Everyone knows I track the new condo market in the downtown core, and there were 28,000 new condo sales in 2011. A significant amount of those units were bought by investors. People believe in the condo market, but now instead of just putting your $65,000 or $75,000 down payment down, then buying the $300,000 or $400,000 condominium plus transaction costs and lawyers fees and managing the property, you can now get in for a smaller portion at a three year term and walk away. It gives people a different avenue to invest in the real estate market.

NIH: So tell us about your role. What’s the day-to-day life of Ben Myers going to be like?

BM: When I was at Urbanation I would do a lot of development studies. When developers had a property they would come to us and we would recommend pricing and suite mix, amenities and target markets. I plan on bringing those skills to the work that I will do here and use those tools to assess deals. We may say 'no, that doesn't work based off of the numbers.’ For the deals that we have accepted, I'll do similar reports which will be included in our investor packages, in addition to reports that will be used internally with our developer partners.

I'll also be putting out internal and external memos on the health of the market, opinions on the real estate industry, and speaking at investor events. We all know that there is a lot of misinformation out there, so I always want the public to know that there is another side of the story. I did that at Urbanation and I want to do that here.

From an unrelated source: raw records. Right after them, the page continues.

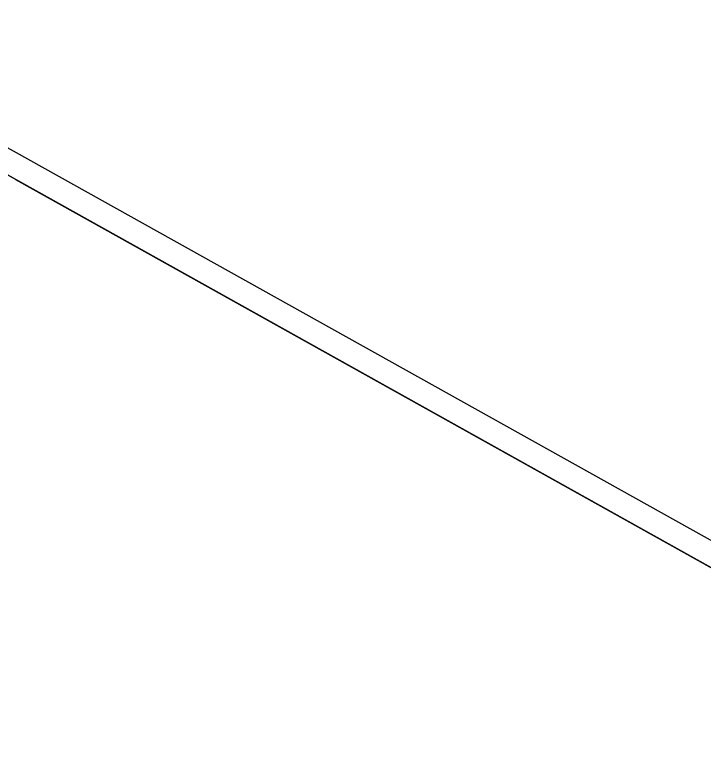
# Model space of a CAD drawing. Header units: metres. Extents: x 2.3 to 42.8, y 0.9 to 31.9.
# Drawn here: x 23.2491 to 23.3177, y 13.8479 to 13.9226 of the extents above; entities that cross this region are included whole.
import ezdxf

# ---------------------------------------------------------------- set-up
doc = ezdxf.new("R2010")
doc.units = ezdxf.units.M
doc.layers.add('PARETI_STRUTTURE', color=7, linetype='Continuous')

msp = doc.modelspace()

# ---------------------------------------------------------------- linework, layer by layer
at = {"layer": 'PARETI_STRUTTURE'}
for points in [[(23.510653, 13.762977), (23.224584, 13.922588)], [(23.249027, 13.906254), (23.22343, 13.920531), (23.509499, 13.76092)], [(23.249101, 13.906208), (23.509503, 13.760916)], [(23.249101, 13.906208), (23.509503, 13.760916)], [(23.249101, 13.906208), (23.509503, 13.760916)], [(23.249101, 13.906208), (23.509503, 13.760916)], [(23.249101, 13.906208), (23.509503, 13.760916)]]:
    msp.add_lwpolyline(points, dxfattribs=at)
msp.add_lwpolyline([(23.509503, 13.760916), (23.249101, 13.906208)], close=True, dxfattribs=at)
msp.add_lwpolyline([(23.509503, 13.760916), (23.249101, 13.906208)], close=True, dxfattribs=at)

doc.saveas('drawing.dxf')

It will be an interesting change. I wanted to be involved in the entire process; I wanted to be a partner in a development and to be able to say, 'I helped bring this to market.’ People always appreciated what I did at Urbanation, but it was time for another level of recognition for what I do and the skills that I bring to the table. I hope to not only improve some of the product that is being offered out there, but also better analyze it before it hits the market. I think it’s going to be a challenge...plus they [Fortress] wouldn't take no for an answer.

NIH: What are your memories of Urbanation?

BM: It was a great period of time. I got to learn about the process and learn how things work, like how to format information and use it for our clients’ best interests. I wanted to combat a lot of the misinformation out there, the misconceptions that were out there, and show what was really happening in the market. I was lucky enough to meet hundreds of people and I will miss the presentations and going back and forth with people who have been in the business for 30 or 25 years. I'll still be interacting with most of the same people though, just in a different role. I'm excited to see where this takes me.

NIH: It wouldn't be a Ben Myers interview without talking about the health of the marketplace. What do you foresee for 2013?

BM: I have said it before, I think the condo boom is over. I don't think we will have 25k or 30k sales years anytime soon, but I think that the market is fine. We didn't have 15, 20, or 25 percent year over year increases, so we have never set ourselves up for any major declines. I think we will have steady growth over the next few years, and the rental market is extremely strong right now. Outside of that, I've learned that the market is self correcting. We have only had four or five new project launches in 2013, so developers are obviously pulling back, which should allow for our unsold inventory to fall to a more 'normal' number. Funny enough, in terms of percentage of unsold units on the market, we are still at where we have been historically - it’s just that the market has grown. I don’t think it’s grown at a pace that is unsustainable based on the amount of people we continue to see moving into the city, as well as the health of our economy. I have always been willing to put my money where my mouth is, and now I've done that by working on the development side. When it comes to the market, my number one interest is to be correct - that’s my concern. If people don't agree with me, there is certainly 15 or 16 years worth of evidence to support my findings.

We would like to thank Ben for being a friend to the Toronto Star's NewInHomes.com, and we wish him luck (not that he needs it) in his transition! We think it’s safe to say that even in his new role, Ben will still be a trusted source of information for the Toronto real estate industry.